The second is the assumption that peace talks have fallen into abeyance chiefly because of the election nearly two years ago of a right-wing Israeli government under Benjamin Netanyahu. He has drawn international criticism for refusing to pay more than lip-service to Palestinian statehood.
The Americans' goal -- at least in the early stages of Mr. Netanyahu's premiership -- was to strong-arm him into bringing into his coalition Tzipi Livni, leader of the centrist opposition party Kadima. She is still widely regarded as the most credible Israeli advocate for peace. However, Ms. Livni, who was previously Mr. Olmert's foreign minister, emerges in the leaked papers as an inflexible negotiator, dismissive of the huge concessions being made by the Palestinians. At a key moment, she turns down the Palestinians' offer, after saying: "I really appreciate it."
The sticking point for Ms. Livni was a handful of West Bank settlements the Palestinian negotiators refused to cede to Israel. The Palestinians have long complained that the two most significant -- Maale Adumim, outside Jerusalem, and Ariel, near the Palestinian city of Nablus -- would effectively cut the West Bank into three cantons, undermining any hopes of territorial contiguity.

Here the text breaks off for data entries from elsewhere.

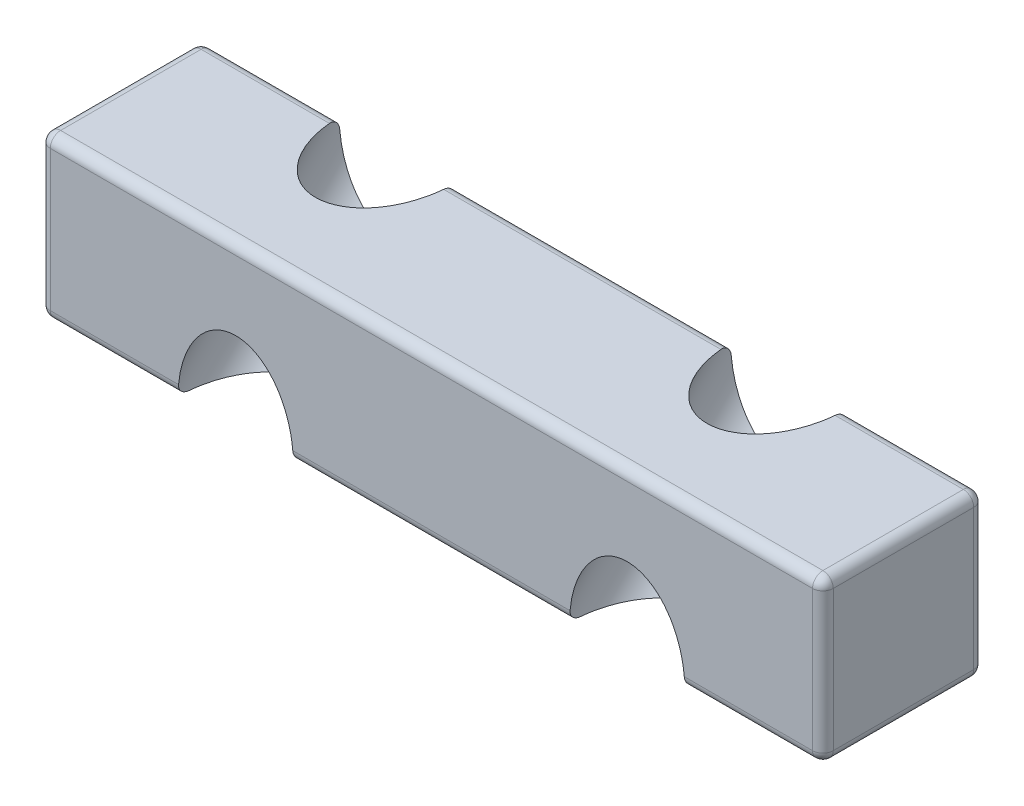
from build123d import *

# Parameters (mm, degrees)
SKETCH1_W               = 34
SKETCH1_H               = 7
BOSS_EXTRUDE1_DEPTH     = 7
CUT_EXTRUDE2_DEPTH      = 36.411862419
CUT_EXTRUDE2_DEPTH_BACK = 36.411862419
SKETCH6_OUTSIDE_W       = 43.082
SKETCH6_OUTSIDE_H       = 18.981
SKETCH6_OUTSIDE_W_2     = 34
SKETCH6_OUTSIDE_H_2     = 9.899494937
SKETCH6_OUTSIDE_R       = 2.5
FILLET1_R               = 0.45


with BuildPart() as part:
    # sketch1 → Boss-Extrude1 (new body)
    with BuildSketch(Plane(origin=(0, 0, 0), x_dir=(1, 0, 0), z_dir=(0, 1, 0))):
        with Locations((17, -3.5)):
            Rectangle(SKETCH1_W, SKETCH1_H)
    extrude(amount=BOSS_EXTRUDE1_DEPTH)

    # Sketch6 outside → Cut-Extrude2 (cut, two sides: drawn at the far end of the back side and taken through both)
    # profile 1 of 3: a face of its own
    with BuildSketch(Plane(origin=(0, 0, 0), x_dir=(-1, 0, 0), z_dir=(0, 0.7071067811865475, -0.7071067811865477)).offset(-CUT_EXTRUDE2_DEPTH_BACK)):
        with Locations((-17, 4.9495)):
            Rectangle(SKETCH6_OUTSIDE_W, SKETCH6_OUTSIDE_H)
        with Locations((-17, 4.949747469)):
            Rectangle(SKETCH6_OUTSIDE_W_2, SKETCH6_OUTSIDE_H_2, mode=Mode.SUBTRACT)
    # profile 2 of 3: a face of its own
    with BuildSketch(Plane(origin=(0, 0, 0), x_dir=(-1, 0, 0), z_dir=(0, 0.7071067811865475, -0.7071067811865477)).offset(-CUT_EXTRUDE2_DEPTH_BACK)):
        with Locations((-25.5, 4.949747468)):
            Circle(SKETCH6_OUTSIDE_R)
    # profile 3 of 3: a face of its own
    with BuildSketch(Plane(origin=(0, 0, 0), x_dir=(-1, 0, 0), z_dir=(0, 0.7071067811865475, -0.7071067811865477)).offset(-CUT_EXTRUDE2_DEPTH_BACK)):
        with Locations(Location((-8.5, 4.949747468, 0), (0, 0, 180))):
            Circle(SKETCH6_OUTSIDE_R)
    extrude(amount=CUT_EXTRUDE2_DEPTH + CUT_EXTRUDE2_DEPTH_BACK, mode=Mode.SUBTRACT)

    # Fillet1
    # the kernel refuses this fillet: 0.45 mm, written as the material it takes off along each edge
    with BuildSketch(Plane(origin=(33.55, 6.55, 0.45), x_dir=(1, 0, 0), z_dir=(0, 0, -1))) as fillet1_piece_1_section:
        Polygon((0, 0), (FILLET1_R, 0), (FILLET1_R, -FILLET1_R), (0, -FILLET1_R), align=None)
    fillet1_piece_1 = extrude(amount=FILLET1_R, mode=Mode.PRIVATE)
    fillet1_piece_1 = fillet1_piece_1 - Plane(origin=(33.55, 6.55, 0.45), x_dir=(-0.7071067811865475, -0.7071067811865475, 0), z_dir=(0, 0, -1)) * Sphere(FILLET1_R, mode=Mode.PRIVATE)
    add(fillet1_piece_1, mode=Mode.SUBTRACT)
    with BuildSketch(Plane(origin=(0.45, 6.55, 0.45), x_dir=(0, 1, 0), z_dir=(0, 0, -1))) as fillet1_piece_2_section:
        Polygon((0, 0), (FILLET1_R, 0), (FILLET1_R, -FILLET1_R), (0, -FILLET1_R), align=None)
    fillet1_piece_2 = extrude(amount=FILLET1_R, mode=Mode.PRIVATE)
    fillet1_piece_2 = fillet1_piece_2 - Plane(origin=(0.45, 6.55, 0.45), x_dir=(0.7071067811865475, -0.7071067811865475, 0), z_dir=(0, 0, -1)) * Sphere(FILLET1_R, mode=Mode.PRIVATE)
    add(fillet1_piece_2, mode=Mode.SUBTRACT)
    with BuildSketch(Plane(origin=(33.55, 0.45, 0.45), x_dir=(0, -1, 0), z_dir=(0, 0, -1))) as fillet1_piece_3_section:
        Polygon((0, 0), (FILLET1_R, 0), (FILLET1_R, -FILLET1_R), (0, -FILLET1_R), align=None)
    fillet1_piece_3 = extrude(amount=FILLET1_R, mode=Mode.PRIVATE)
    fillet1_piece_3 = fillet1_piece_3 - Plane(origin=(33.55, 0.45, 0.45), x_dir=(-0.7071067811865475, 0.7071067811865475, 0), z_dir=(0, 0, -1)) * Sphere(FILLET1_R, mode=Mode.PRIVATE)
    add(fillet1_piece_3, mode=Mode.SUBTRACT)
    with BuildSketch(Plane(origin=(33.55, 0.45, 6.55), x_dir=(1, 0, 0), z_dir=(0, -1, 0))) as fillet1_piece_4_section:
        Polygon((0, 0), (FILLET1_R, 0), (FILLET1_R, FILLET1_R), (0, FILLET1_R), align=None)
    fillet1_piece_4 = extrude(amount=FILLET1_R, mode=Mode.PRIVATE)
    fillet1_piece_4 = fillet1_piece_4 - Plane(origin=(33.55, 0.45, 6.55), x_dir=(-0.7071067811865475, 0, -0.7071067811865475), z_dir=(0, -1, 0)) * Sphere(FILLET1_R, mode=Mode.PRIVATE)
    add(fillet1_piece_4, mode=Mode.SUBTRACT)
    with BuildSketch(Plane(origin=(33.55, 6.55, 6.55), x_dir=(0, 1, 0), z_dir=(1, 0, 0))) as fillet1_piece_5_section:
        Polygon((0, 0), (FILLET1_R, 0), (FILLET1_R, FILLET1_R), (0, FILLET1_R), align=None)
    fillet1_piece_5 = extrude(amount=FILLET1_R, mode=Mode.PRIVATE)
    fillet1_piece_5 = fillet1_piece_5 - Plane(origin=(33.55, 6.55, 6.55), x_dir=(0, -0.7071067811865475, -0.7071067811865475), z_dir=(1, 0, 0)) * Sphere(FILLET1_R, mode=Mode.PRIVATE)
    add(fillet1_piece_5, mode=Mode.SUBTRACT)
    with BuildSketch(Plane(origin=(0.45, 0.45, 6.55), x_dir=(-1, 0, 0), z_dir=(0, -1, 0))) as fillet1_piece_6_section:
        Polygon((0, 0), (FILLET1_R, 0), (FILLET1_R, -FILLET1_R), (0, -FILLET1_R), align=None)
    fillet1_piece_6 = extrude(amount=FILLET1_R, mode=Mode.PRIVATE)
    fillet1_piece_6 = fillet1_piece_6 - Plane(origin=(0.45, 0.45, 6.55), x_dir=(0.7071067811865475, 0, -0.7071067811865477), z_dir=(0, -1, 0)) * Sphere(FILLET1_R, mode=Mode.PRIVATE)
    add(fillet1_piece_6, mode=Mode.SUBTRACT)
    with BuildSketch(Plane(origin=(0.45, 0.45, 0.45), x_dir=(0, -1, 0), z_dir=(0, 0, -1))) as fillet1_piece_7_section:
        Polygon((0, 0), (FILLET1_R, 0), (FILLET1_R, FILLET1_R), (0, FILLET1_R), align=None)
    fillet1_piece_7 = extrude(amount=FILLET1_R, mode=Mode.PRIVATE)
    fillet1_piece_7 = fillet1_piece_7 - Plane(origin=(0.45, 0.45, 0.45), x_dir=(0.7071067811865475, 0.7071067811865475, 0), z_dir=(0, 0, -1)) * Sphere(FILLET1_R, mode=Mode.PRIVATE)
    add(fillet1_piece_7, mode=Mode.SUBTRACT)
    with BuildSketch(Plane(origin=(0.45, 6.55, 6.55), x_dir=(-1, 0, 0), z_dir=(0, 1, 0))) as fillet1_piece_8_section:
        Polygon((0, 0), (FILLET1_R, 0), (FILLET1_R, FILLET1_R), (0, FILLET1_R), align=None)
    fillet1_piece_8 = extrude(amount=FILLET1_R, mode=Mode.PRIVATE)
    fillet1_piece_8 = fillet1_piece_8 - Plane(origin=(0.45, 6.55, 6.55), x_dir=(0.7071067811865475, 0, -0.7071067811865477), z_dir=(0, 1, 0)) * Sphere(FILLET1_R, mode=Mode.PRIVATE)
    add(fillet1_piece_8, mode=Mode.SUBTRACT)
    with BuildSketch(Plane(origin=(26.875, 7, 0), x_dir=(0, -1, 0), z_dir=(1, 0, 0)), Plane(origin=(0.45, 7, 0), x_dir=(0, -1, 0), z_dir=(1, 0, 0)), Plane(origin=(33.55, 0, 7), x_dir=(0, 0, -1), z_dir=(-1, 0, 0)), Plane(origin=(7.125, 0, 7), x_dir=(0, 0, -1), z_dir=(-1, 0, 0))) as fillet1_piece_9:
        with BuildLine():
            CenterArc((FILLET1_R, -FILLET1_R), FILLET1_R, 90, 90)
            Line((0, -FILLET1_R), (0, 0))
            Line((0, 0), (FILLET1_R, 0))
        make_face()
    extrude(amount=6.675, mode=Mode.SUBTRACT)
    with BuildSketch(Plane(origin=(9.875, 7, 0), x_dir=(0, -1, 0), z_dir=(1, 0, 0)), Plane(origin=(24.125, 0, 7), x_dir=(0, 0, -1), z_dir=(-1, 0, 0))) as fillet1_piece_10:
        with BuildLine():
            CenterArc((FILLET1_R, -FILLET1_R), FILLET1_R, 90, 90)
            Line((0, -FILLET1_R), (0, 0))
            Line((0, 0), (FILLET1_R, 0))
        make_face()
    extrude(amount=14.25, mode=Mode.SUBTRACT)
    with BuildSketch(Plane(origin=(34, 0, 0.45), x_dir=(-1, 0, 0), z_dir=(0, 0, 1)), Plane(origin=(34, 7, 0.45), x_dir=(0, -1, 0), z_dir=(0, 0, 1)), Plane(origin=(0, 0.45, 0), x_dir=(1, 0, 0), z_dir=(0, 1, 0)), Plane(origin=(0, 0.45, 7), x_dir=(0, 0, -1), z_dir=(0, 1, 0)), Plane(origin=(0, 0, 6.55), x_dir=(1, 0, 0), z_dir=(0, 0, -1))) as fillet1_piece_11:
        with BuildLine():
            CenterArc((FILLET1_R, -FILLET1_R), FILLET1_R, 90, 90)
            Line((0, -FILLET1_R), (0, 0))
            Line((0, 0), (FILLET1_R, 0))
        make_face()
    extrude(amount=6.1, mode=Mode.SUBTRACT)
    with BuildSketch(Plane(origin=(34, 0.45, 0), x_dir=(-1, 0, 0), z_dir=(0, 1, 0)), Plane(origin=(34, 0.45, 7), x_dir=(0, 0, -1), z_dir=(0, 1, 0)), Plane(origin=(0, 7, 6.55), x_dir=(1, 0, 0), z_dir=(0, 0, -1))) as fillet1_piece_12:
        with BuildLine():
            CenterArc((FILLET1_R, FILLET1_R), FILLET1_R, 180, 90)
            Line((0, FILLET1_R), (0, 0))
            Line((0, 0), (FILLET1_R, 0))
        make_face()
    extrude(amount=6.1, mode=Mode.SUBTRACT)
    with BuildSketch(Plane(origin=(0.45, 0, 0), x_dir=(0, 1, 0), z_dir=(1, 0, 0)), Plane(origin=(33.55, 7, 7), x_dir=(0, 0, -1), z_dir=(-1, 0, 0))) as fillet1_piece_13:
        with BuildLine():
            CenterArc((FILLET1_R, FILLET1_R), FILLET1_R, 180, 90)
            Line((0, FILLET1_R), (0, 0))
            Line((0, 0), (FILLET1_R, 0))
        make_face()
    extrude(amount=33.1, mode=Mode.SUBTRACT)


solid = part.part

Ms. Livni's insistence on holding onto these settlements -- after all the Palestinian compromises -- suggests that there is no Israeli leader either prepared or able to reach a peace deal -- unless, that is, the Palestinians cave in to almost every Israeli demand and abandon their ambitions for statehood.
One of the Palestine Papers quotes an exasperated Mr. Erekat asking a US diplomat last year: "What more can I give?" The man with the answer may be Mr. Lieberman, who unveiled his own map of Palestinian statehood this week. It conceded a provisional state on less than half of the West Bank.